Thank you in anticipation.

Regards, 
Paresh


----------



## NB (Mar 29, 2017)

pareshs said:


> Hi All,
> 
> I'm in a situation wherein my PR travel rights have expired in November 2020 (I'm currently onshore), and I think I would need RR Visa in order to travel out and return back into Australia. Could I please know, what is the process to apply this visa and what documents need to be submitted to the home affairs.
> 
> ...


If you don’t get a RRV, your pr is as good as dead and buried and along with it your citizenship
How long have you lived in Australia in the last 5 years and what is your ties there ?
Cheers


----------



## Moulard (Feb 3, 2017)

Process for an RRV is documented on the Home Affairs website.



https://immi.homeaffairs.gov.au/visas/getting-a-visa/visa-listing/resident-return-visa-155-157



The only impact it would have on a citizenship application is to potentially delay to eligibility after you return. But that will depend on how long you are out of the country.

Assuming you are not going overseas at the request of your Australian employer, at the time you apply you must have been:

living in Australia on a valid visa for the past 4 years 
a permanent resident or eligible New Zealand citizen for the past 12 months 
away from Australia for no more than 12 months in total in the past 4 years, including no more than 90 days in total in the past 12 months


----------



## pareshs (Jun 2, 2015)

NB said:


> If you don’t get a RRV, your pr is as good as dead and buried and along with it your citizenship
> How long have you lived in Australia in the last 5 years and what is your ties there ?
> Cheers


Right, so are you suggesting that RR visa is a compulsory visa to get even if I need to apply for citizenship apart from the benefit of travelling overseas?

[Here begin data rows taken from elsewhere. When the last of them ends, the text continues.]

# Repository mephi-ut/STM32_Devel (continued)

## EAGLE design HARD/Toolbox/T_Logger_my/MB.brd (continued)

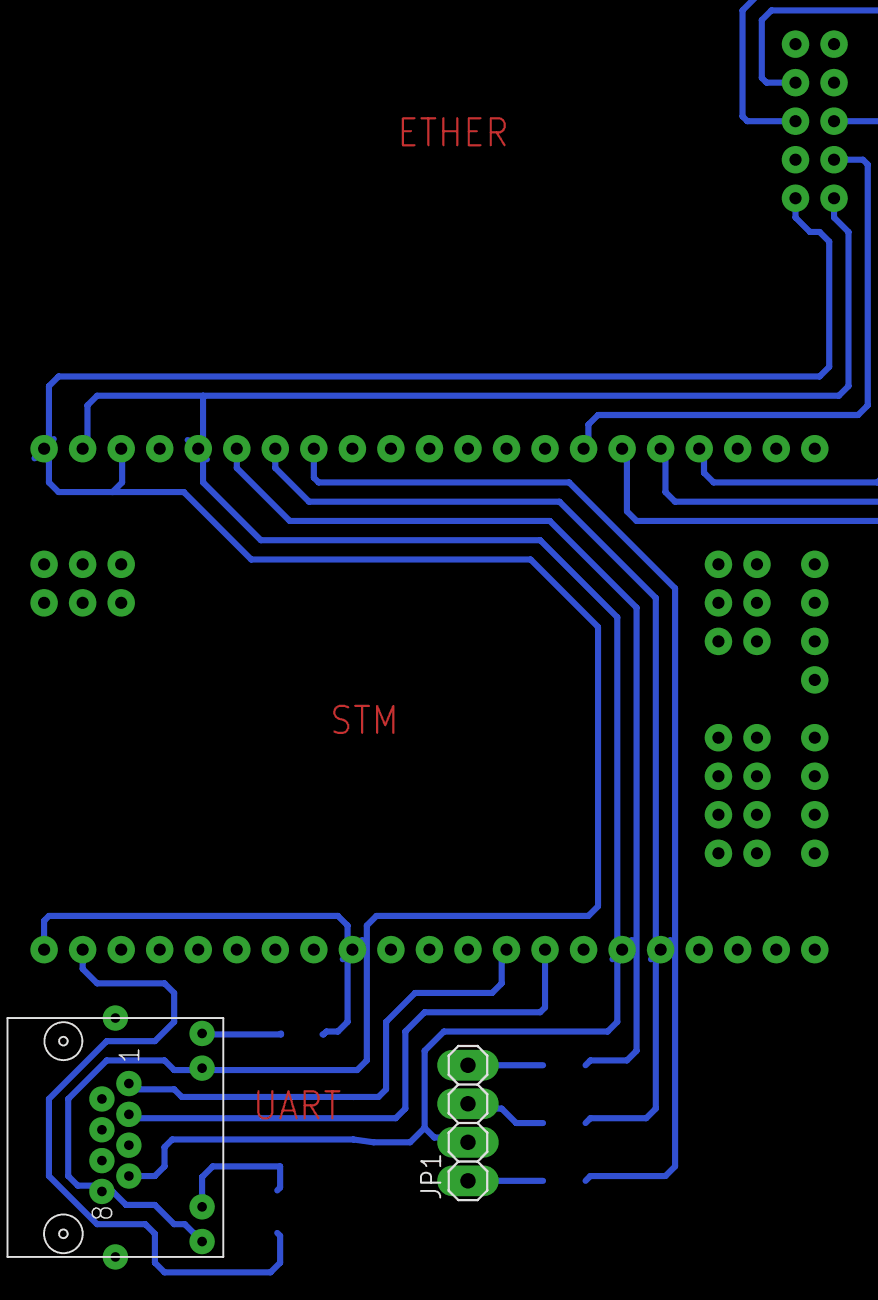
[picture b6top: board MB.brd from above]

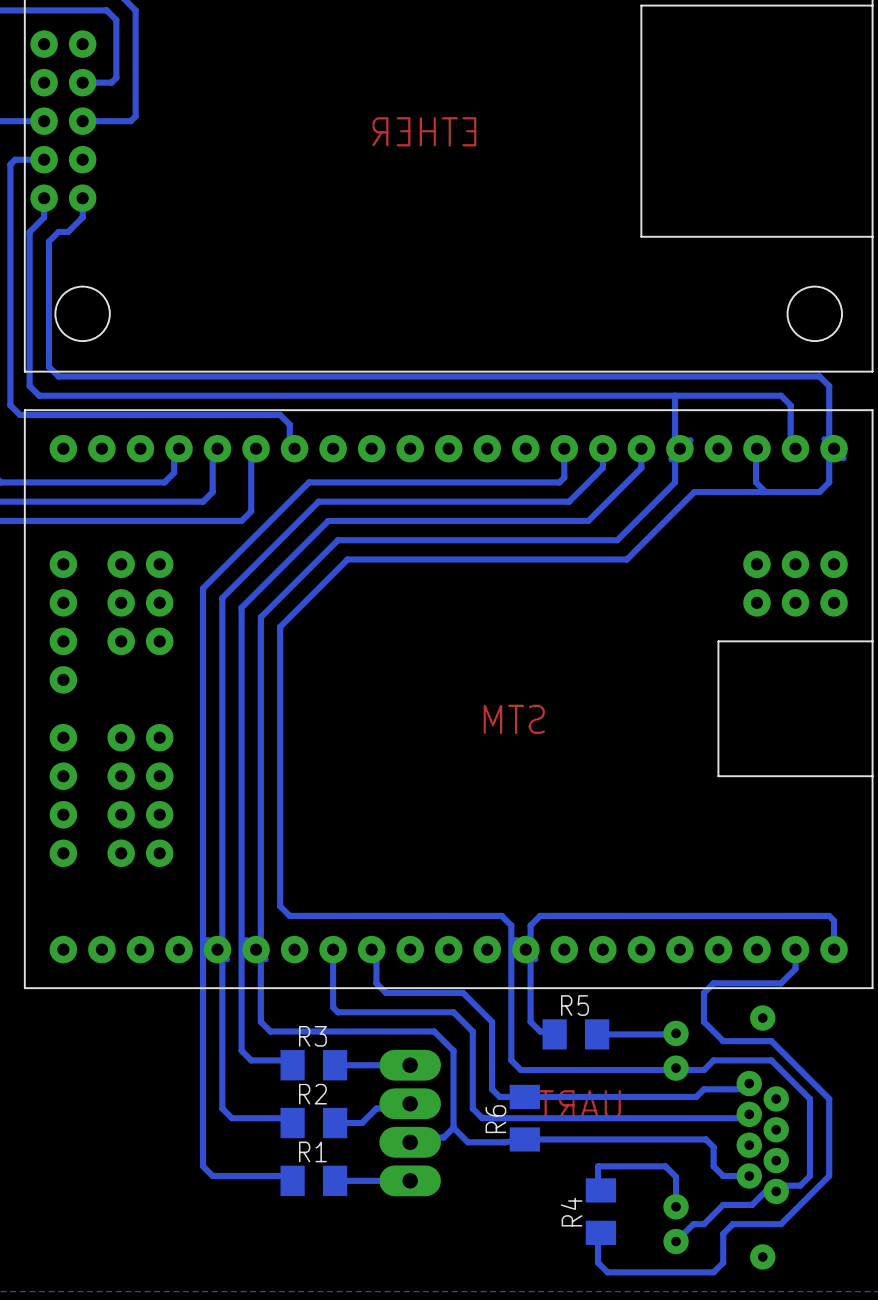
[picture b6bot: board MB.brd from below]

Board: 2 copper layers, 10 parts (8 on the bottom side), 18 nets.

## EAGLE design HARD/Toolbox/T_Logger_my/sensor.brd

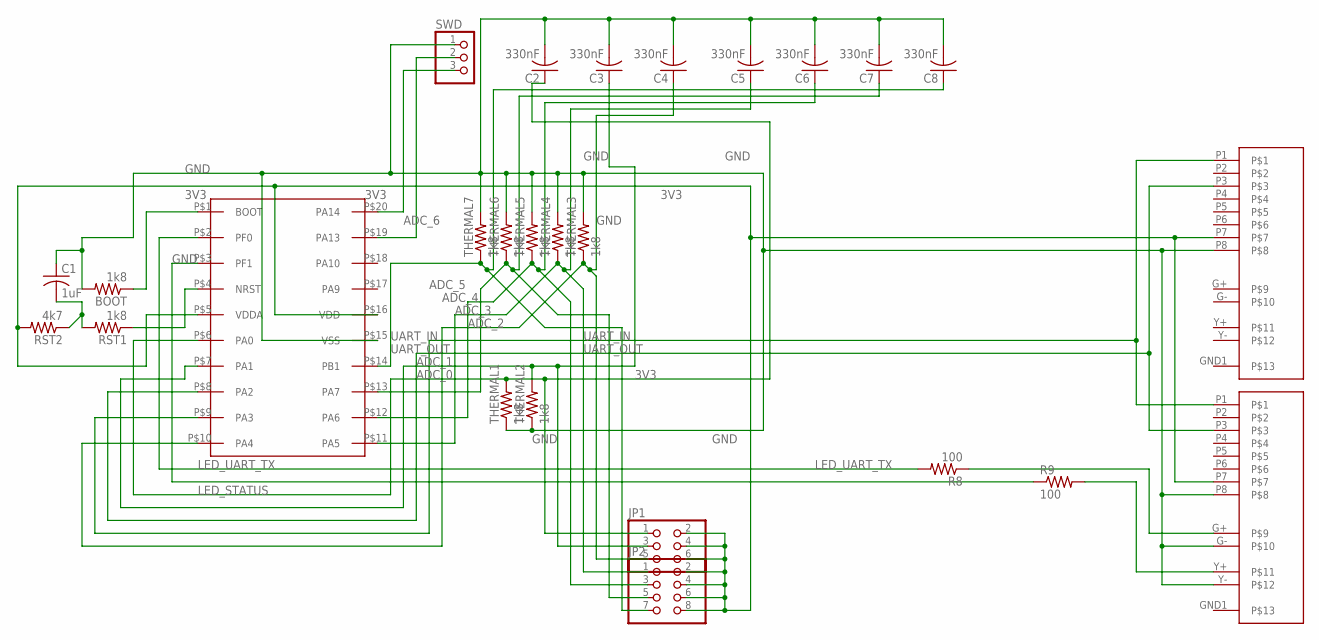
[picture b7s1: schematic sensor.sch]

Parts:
BOOT: 1k8; R1206
C1: 1uF; C0805
C2, C3, C4, C5, C6, C7, C8: 330nF; C0805
JP1: PINHD-2X3; 2X03
JP2: PINHD-2X4; 2X04
R8, R9: 100; R1206
RST1: 1k8; R1206
RST2: 4k7; R1206
SWD: PINHD-1X3; 1X03
THERMAL1, THERMAL2, THERMAL3, THERMAL4, THERMAL5, THERMAL6, THERMAL7: 1k8; R1206
U$1, U$2: RJ-45_LEDS
U$3: STM32F030; TSSOP-TO-DIP20-600

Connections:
3V3: JP1.2, JP1.4, JP1.6, JP2.2, JP2.4, JP2.6, JP2.8, RST2.2, U$1.P7, U$2.P7, U$3.P$5 (VDDA), U$3.P$16 (VDD)
ADC_0: C2.1, JP1.1, THERMAL1.2, U$3.P$6 (PA0)
ADC_1: C3.1, JP1.3, THERMAL2.2, U$3.P$7 (PA1)
ADC_2: C4.1, JP1.5, THERMAL3.1, U$3.P$10 (PA4)
ADC_3: C5.1, JP2.1, THERMAL4.1, U$3.P$11 (PA5)
ADC_4: C6.1, JP2.3, THERMAL5.1, U$3.P$12 (PA6)
ADC_5: C7.1, JP2.5, THERMAL6.1, U$3.P$13 (PA7)
ADC_6: C8.1, JP2.7, THERMAL7.1, U$3.P$14 (PB1)
GND: BOOT.2, C1.1, C2.2, C3.2, C4.2, C5.2, C6.2, C7.2, C8.2, SWD.1, THERMAL1.1, THERMAL2.1, THERMAL3.2, THERMAL4.2, THERMAL5.2, THERMAL6.2, THERMAL7.2, U$1.P8, U$2.G-, U$2.P8, U$2.Y-, U$3.P$15 (VSS)
LED_STATUS: R9.1, U$3.P$3 (PF1)
LED_UART_TX: R8.2, U$3.P$2 (PF0)
unnamed: R8.1, U$2.G+
unnamed: R9.2, U$2.Y+
unnamed: BOOT.1, U$3.P$1 (BOOT)
unnamed: RST1.1, U$3.P$4 (NRST)
unnamed: C1.2, RST1.2, RST2.1
unnamed: SWD.3, U$3.P$20 (PA14)
unnamed: SWD.2, U$3.P$19 (PA13)
P$9: U$1.G+
P$10: U$1.G-
P$11: U$1.Y+
P$12: U$1.Y-
P$13: U$1.GND1, U$2.GND1
UART_IN: U$1.P1, U$2.P1, U$3.P$9 (PA3)
UART_OUT: U$1.P3, U$2.P3, U$3.P$8 (PA2)

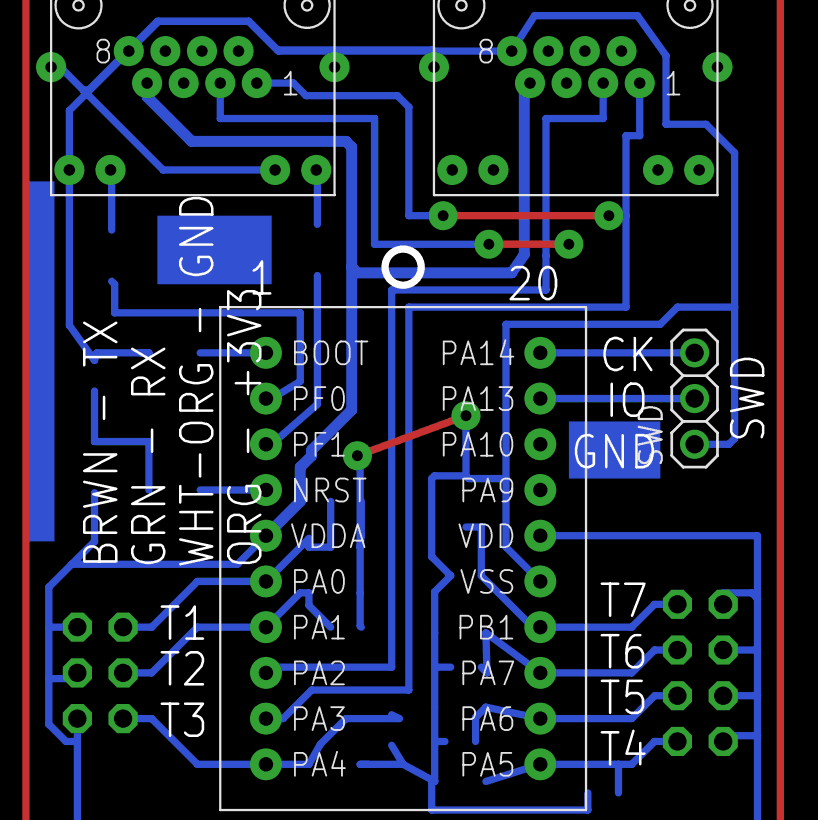
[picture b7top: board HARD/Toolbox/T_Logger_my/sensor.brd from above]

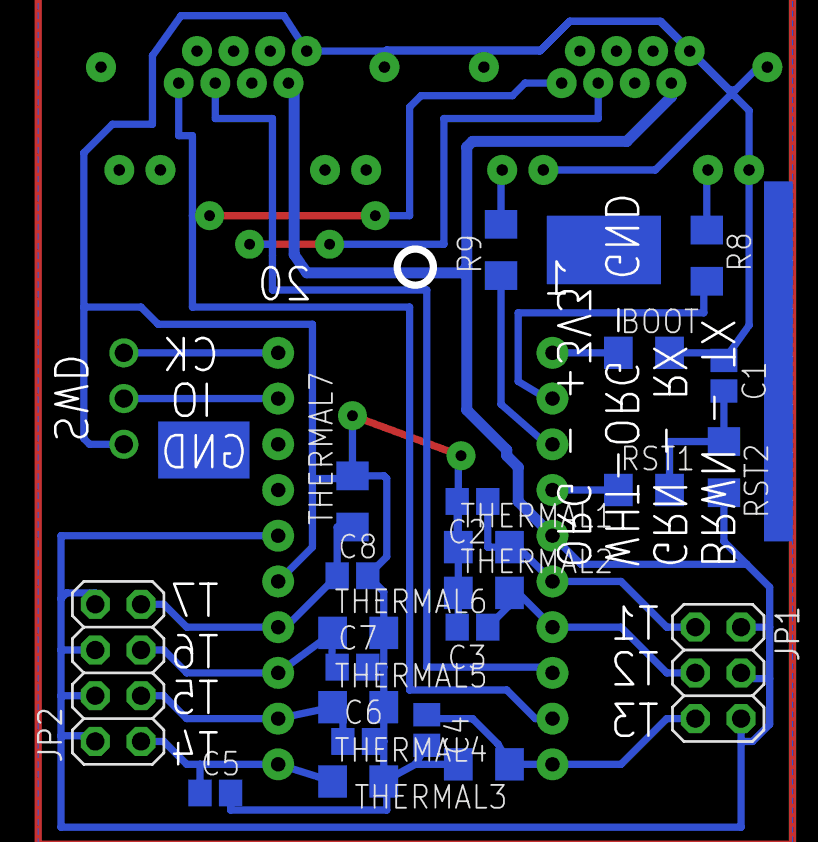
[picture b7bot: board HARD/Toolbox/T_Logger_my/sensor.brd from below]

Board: 2 copper layers, 26 parts (22 on the bottom side), 21 nets.

Also, I have been in Australia for nearly fours years now. Thanks.


----------



## NB (Mar 29, 2017)

pareshs said:


> Right, so are you suggesting that RR visa is a compulsory visa to get even if I need to apply for citizenship apart from the benefit of travelling overseas?
> 
> Also, I have been in Australia for nearly fours years now. Thanks.


Without a RRV you cannot enter Australia now
Had you been in Australia, RRV was not required
As you have lived for 4 years in the last 5 years you should be able to get a RRV without a problem
But apply asap
Cheers


----------



## Moulard (Feb 3, 2017)

If you leave Australia after your travel validity expires, or it expires when you are outside Australia, you will not be able to return to Australia as a permanent resident without an RRV

Technically you can leave Australia without a RRV, but you will require one to be re-admitted into the country - so far better to get it before you leave.


----------



## pareshs (Jun 2, 2015)

Moulard said:


> Process for an RRV is documented on the Home Affairs website.
> 
> 
> 
> ...



Okay, thanks, that indicates no major impact on citizenship status as I only plan to visit overseas for 30 days or so.. Cheers.


----------



## theonerox (Oct 28, 2015)

pareshs said:


> Hi All,
> 
> I'm in a situation wherein my PR travel rights have expired in November 2020 (I'm currently onshore), and I think I would need RR Visa in order to travel out and return back into Australia. Could I please know, what is the process to apply this visa and what documents need to be submitted to the home affairs.
> 
> ...


HI Paresh,

I have applied for RRV onshore. I hadn't completed my 2 years of residency, however I received the grant in 2 hours. I would recommend you to apply for RRV, just in case if there is any emergency travel planned for you.

Regards
Varun


----------



## pareshs (Jun 2, 2015)

theonerox said:


> HI Paresh,
> 
> I have applied for RRV onshore. I hadn't completed my 2 years of residency, however I received the grant in 2 hours. I would recommend you to apply for RRV, just in case if there is any emergency travel planned for you.
> 
> ...


Hi Varun, 

Thanks for the feedback. Did you apply recently and received the grant in couple of hours?


----------



## theonerox (Oct 28, 2015)

pareshs said:


> Hi Varun,
> 
> Thanks for the feedback. Did you apply recently and received the grant in couple of hours?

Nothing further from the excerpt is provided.